Since the last DESTRESS meeting in Glasgow in April 2018, great progress has been made by the different teams of Work Package 5 in the areas of seismic data analysis, the evaluation of the dominant stress field in the Pohang area, and the modelling of the possible effect of stimulation activities on triggering the Pohang earthquake. In addition, potential effects on fault stability due to hydrogeochemical changes after water injection were discussed.
All teams focused on the question whether stimulation activities could have triggered the Pohang magnitude 5.4 earthquake. None of the works by these teams focused on the question whether the earthquake could have been natural, although there are several forms of evidence that the Pohang area is naturally more seismically active than was believed in 2010 when the project was started by the Korean Pohang project consortium.
Currently, the locations of seismic events during stimulation in the PX-1 and PX-2 boreholes differ between the involved DESTRESS teams due to different velocity models and data treatment. However, the overall picture of the spatial distribution of seismic events during the different stimulation periods are in relatively good agreement. Although the results are still preliminary and need to be verified, a tendency of clustering of micro-seismicity for each stimulation period in various regions has been observed, probably indicating that varying structures have been activated by each stimulation treatment, at least during the first three stimulation campaigns.
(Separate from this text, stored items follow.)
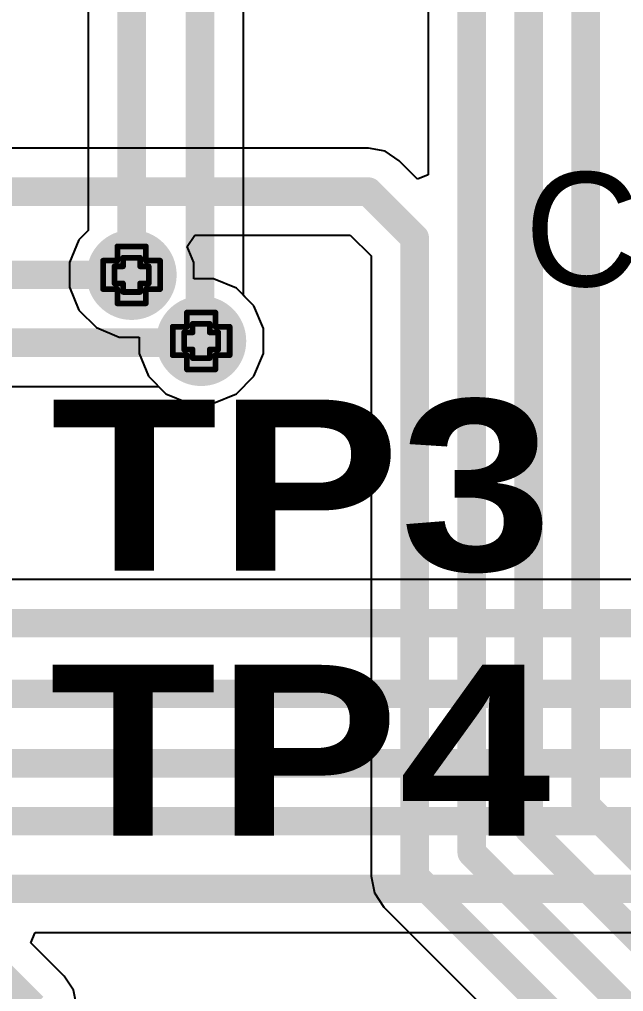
# Model space of a CAD drawing. Header units: inches. Extents: x -5 to 5258, y -4 to 5281.
# Drawn here: x 15.88 to 21.26, y 32.67 to 41.33 of the extents above; entities that cross this region are included whole.
import ezdxf

# ---------------------------------------------------------------- set-up
doc = ezdxf.new("R2010")
doc.units = ezdxf.units.IN
for name, color, linetype in [('Bottom Layer', 5, 'Continuous'), ('Bottom Solder', 6, 'Continuous'), ('Drill Drawing', 1, 'Continuous'), ('Top Layer', 1, 'Continuous'), ('Top Overlay', 2, 'Continuous'), ('Top Solder', 216, 'Continuous'), ('Via Holes', 16, 'Continuous')]:
    doc.layers.add(name, color=color, linetype=linetype)
doc.styles.add('Arial', font='', dxfattribs={"height": 0.2})
doc.styles.add('Arial Black_Bold', font='', dxfattribs={"height": 0.2})
doc.styles.get('Arial').set_extended_font_data('Arial')
doc.styles.get('Arial Black_Bold').set_extended_font_data('Arial Black', bold=True)

msp = doc.modelspace()

# ---------------------------------------------------------------- hatches: boundary and pattern name
at = {"layer": 'Bottom Layer'}
h = msp.add_hatch(color=5, dxfattribs=at)
edge = h.paths.add_edge_path()
edge.add_arc((16.8789, 39.0545), 0.3, 0, 360)
h = msp.add_hatch(color=5, dxfattribs=at)
edge = h.paths.add_edge_path()
edge.add_arc((17.4991, 38.4655), 0.3, 0, 360)
at = {"layer": 'Bottom Solder'}
h = msp.add_hatch(color=6, dxfattribs=at)
edge = h.paths.add_edge_path()
edge.add_arc((16.8789, 39.0545), 0.4016, 0, 360)
h = msp.add_hatch(color=6, dxfattribs=at)
edge = h.paths.add_edge_path()
edge.add_arc((17.4991, 38.4655), 0.4016, 0, 360)
at = {"layer": 'Top Layer'}
h = msp.add_hatch(color=1, dxfattribs=at)
edge = h.paths.add_edge_path()
edge.add_arc((16.8789, 39.0545), 0.3, 0, 360)
h = msp.add_hatch(color=1, dxfattribs=at)
edge = h.paths.add_edge_path()
edge.add_arc((17.4991, 38.4655), 0.3, 0, 360)
at = {"layer": 'Top Solder'}
h = msp.add_hatch(color=216, dxfattribs=at)
edge = h.paths.add_edge_path()
edge.add_arc((16.8789, 39.0545), 0.4016, 0, 360)
h = msp.add_hatch(color=216, dxfattribs=at)
edge = h.paths.add_edge_path()
edge.add_arc((17.4991, 38.4655), 0.4016, 0, 360)
at = {"layer": 'Via Holes'}
h = msp.add_hatch(color=7, dxfattribs=at)
edge = h.paths.add_edge_path()
edge.add_arc((16.8789, 39.0545), 0.15, 0, 360)
h = msp.add_hatch(color=7, dxfattribs=at)
edge = h.paths.add_edge_path()
edge.add_arc((17.4991, 38.4655), 0.15, 0, 360)

# ---------------------------------------------------------------- linework, layer by layer
at = {"layer": 'Bottom Layer'}
for p, q in [((16.4905, 50.5362), (16.4905, 39.4495)), ((17.8766, 38.8715), (17.8766, 42.1794)), ((16.4905, 39.4495), (16.4093, 39.3683)), ((16.4093, 39.3683), (16.3249, 39.1647)), ((16.3249, 39.1647), (16.3249, 38.9443)), ((16.3249, 38.9443), (16.4093, 38.7407)), ((17.9688, 38.7793), (17.8766, 38.8715)), ((16.4093, 38.7407), (16.5651, 38.5848)), ((18.0531, 38.5757), (17.9688, 38.7793)), ((16.5651, 38.5848), (16.7687, 38.5005)), ((18.0531, 38.3553), (18.0531, 38.5757)), ((16.7687, 38.5005), (16.9452, 38.5005)), ((16.9452, 38.5005), (16.9452, 38.3553)), ((16.9452, 38.3553), (17.0295, 38.1517)), ((17.9688, 38.1517), (18.0531, 38.3553)), ((17.0295, 38.1517), (17.1853, 37.9958)), ((17.813, 37.9958), (17.9688, 38.1517)), ((17.1853, 37.9958), (17.389, 37.9115)), ((17.6093, 37.9115), (17.813, 37.9958)), ((17.389, 37.9115), (17.6093, 37.9115)), ((59.0623, 36.3386), (12.9404, 36.3386)), ((15.9816, 33.0996), (16.0205, 33.1934)), ((16.0205, 33.1934), (32.8958, 33.1934)), ((16.2767, 32.8045), (15.9816, 33.0996)), ((16.3609, 32.6785), (16.2767, 32.8045)), ((16.3905, 32.5298), (16.3609, 32.6785))]:
    msp.add_line(p, q, dxfattribs=at)
for points in [[(16.8789, 39.0633, 0.254, 0.254, 0), (16.8789, 71.4196, 0.254, 0.254, 0)], [(17.4881, 38.4765, 0.254, 0.254, 0), (17.4881, 71.4238, 0.254, 0.254, 0)], [(7.215, 35.9501, 0.254, 0.254, 0), (59.0623, 35.9501, 0.254, 0.254, 0)], [(6.1105, 35.3205, 0.254, 0.254, 0), (55.2605, 35.3205, 0.254, 0.254, 0)], [(3.2027, 34.7003, 0.254, 0.254, 0), (54.0269, 34.7003, 0.254, 0.254, 0)], [(2.6647, 34.1862, 0.254, 0.254, 0), (47.7288, 34.1862, 0.254, 0.254, 0)], [(8.3069, 33.5819, 0.254, 0.254, 0), (33.0567, 33.5819, 0.254, 0.254, 0)], [(15.5805, 32.9514, 0.254, 0.254, 0), (16.002, 32.5298, 0.254, 0.254, 0)]]:
    msp.add_lwpolyline(points, format="xyseb", dxfattribs=at)
for points in [[(16.8154, 39.0633, 0.127, 0.127, 1), (16.9424, 39.0633, 0.127, 0.127, 1)], [(17.4246, 38.4765, 0.127, 0.127, 1), (17.5516, 38.4765, 0.127, 0.127, 1)]]:
    msp.add_lwpolyline(points, format="xyseb", close=True, dxfattribs=at)
at = {"layer": 'Drill Drawing'}
for points in [[(16.7519, 39.1815, 0.0508, 0.0508, 0), (16.7519, 39.3085, 0.0508, 0.0508, 0)], [(16.7519, 39.3085, 0.0508, 0.0508, 0), (17.0059, 39.3085, 0.0508, 0.0508, 0)], [(17.0059, 39.1815, 0.0508, 0.0508, 0), (17.0059, 39.3085, 0.0508, 0.0508, 0)], [(16.6249, 38.9275, 0.0508, 0.0508, 0), (16.6249, 39.1815, 0.0508, 0.0508, 0)], [(16.6249, 39.1815, 0.0508, 0.0508, 0), (16.7519, 39.1815, 0.0508, 0.0508, 0)], [(16.8027, 39.1307, 0.0508, 0.0508, 0), (16.8027, 39.2069, 0.0508, 0.0508, 0)], [(16.8027, 39.2069, 0.0508, 0.0508, 0), (16.9551, 39.2069, 0.0508, 0.0508, 0)], [(16.9551, 39.1307, 0.0508, 0.0508, 0), (16.9551, 39.2069, 0.0508, 0.0508, 0)], [(17.0059, 39.1815, 0.0508, 0.0508, 0), (17.1329, 39.1815, 0.0508, 0.0508, 0)], [(17.1329, 38.9275, 0.0508, 0.0508, 0), (17.1329, 39.1815, 0.0508, 0.0508, 0)], [(16.7265, 38.9783, 0.0508, 0.0508, 0), (16.7265, 39.1307, 0.0508, 0.0508, 0)], [(16.7265, 39.1307, 0.0508, 0.0508, 0), (16.8027, 39.1307, 0.0508, 0.0508, 0)], [(16.9551, 39.1307, 0.0508, 0.0508, 0), (17.0313, 39.1307, 0.0508, 0.0508, 0)], [(17.0313, 38.9783, 0.0508, 0.0508, 0), (17.0313, 39.1307, 0.0508, 0.0508, 0)], [(16.7265, 38.9783, 0.0508, 0.0508, 0), (16.8027, 38.9783, 0.0508, 0.0508, 0)], [(16.8027, 38.9021, 0.0508, 0.0508, 0), (16.8027, 38.9783, 0.0508, 0.0508, 0)], [(16.9551, 38.9783, 0.0508, 0.0508, 0), (17.0313, 38.9783, 0.0508, 0.0508, 0)], [(16.9551, 38.9021, 0.0508, 0.0508, 0), (16.9551, 38.9783, 0.0508, 0.0508, 0)], [(16.6249, 38.9275, 0.0508, 0.0508, 0), (16.7519, 38.9275, 0.0508, 0.0508, 0)], [(16.7519, 38.8005, 0.0508, 0.0508, 0), (16.7519, 38.9275, 0.0508, 0.0508, 0)], [(16.8027, 38.9021, 0.0508, 0.0508, 0), (16.9551, 38.9021, 0.0508, 0.0508, 0)], [(17.0059, 38.9275, 0.0508, 0.0508, 0), (17.1329, 38.9275, 0.0508, 0.0508, 0)], [(17.0059, 38.8005, 0.0508, 0.0508, 0), (17.0059, 38.9275, 0.0508, 0.0508, 0)], [(16.7519, 38.8005, 0.0508, 0.0508, 0), (17.0059, 38.8005, 0.0508, 0.0508, 0)], [(17.3721, 38.5925, 0.0508, 0.0508, 0), (17.3721, 38.7195, 0.0508, 0.0508, 0)], [(17.3721, 38.7195, 0.0508, 0.0508, 0), (17.6261, 38.7195, 0.0508, 0.0508, 0)], [(17.6261, 38.5925, 0.0508, 0.0508, 0), (17.6261, 38.7195, 0.0508, 0.0508, 0)], [(17.2451, 38.3385, 0.0508, 0.0508, 0), (17.2451, 38.5925, 0.0508, 0.0508, 0)], [(17.2451, 38.5925, 0.0508, 0.0508, 0), (17.3721, 38.5925, 0.0508, 0.0508, 0)], [(17.3467, 38.3893, 0.0508, 0.0508, 0), (17.3467, 38.5417, 0.0508, 0.0508, 0)], [(17.3467, 38.5417, 0.0508, 0.0508, 0), (17.4229, 38.5417, 0.0508, 0.0508, 0)], [(17.4229, 38.5417, 0.0508, 0.0508, 0), (17.4229, 38.6179, 0.0508, 0.0508, 0)], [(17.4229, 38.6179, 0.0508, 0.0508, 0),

Because data from fewer stations are available, the locations of the foreshocks, the magnitude 5.4 mainshock, and the aftershocks are less precise compared to those determined for the DESTRESS stimulation campaigns. One group has located the mainshock close to or within the areas previously stimulated by injections in well PX-2 at high pressures. However, the uncertainties are relatively large. This is also reflected by work conducted outside of the DESTRESS project, which has been published within the last months. Some of these publications locate the foreshocks, the mainshock, and the aftershock between the wells PX-1 and PX-2 at depths of around 4 km, others report depths of the main shock of around 6 km and locate the aftershocks outside the areas directly influenced by the stimulations. Work is ongoing by the DESTRESS teams to increase the precision of the localizations and to evaluate the relation of the stimulations with the earthquake using independent methods such as waveform similarities and focal mechanisms.
The stress field in the Pohang area has been studied by several DESTRESS teams. All teams come independently to the conclusion that the azimuth of the maximum principal stress of ~70° commonly observed in South Korea may be valid only at great depths in the Pohang area. But at the ~4 km depth of the boreholes the azimuth is at ~100-115° and at shallow depth of several hundred of metres at ~130°.
First results of at least six different conceptual and numerical modelling approaches have been presented at the workshop to reproduce the hydraulic and geomechanical conditions during the stimulations and to assess their impact on a conjectured fault network intersected by wells PX-1 and PX-2. None of the numerical studies has been finalized yet and we expect most of the modelling work to be continued during the next half a year. However, we expect some teams to provide some pertinent information earlier.
The following next steps are planned: A next internal workshop for DESTRESS work package 5 members will be held after the next DESTRESS General Assembly in Strasbourg at the end of February 2019. After the national Korean commission for the investigation of the Pohang earthquake has presented their conclusions in spring 2019, the DESTRESS project will communicate a summary of advanced and verified own results. It is also planned to publish DESTRESS results in academic journals as special issues once technical analysis is completed.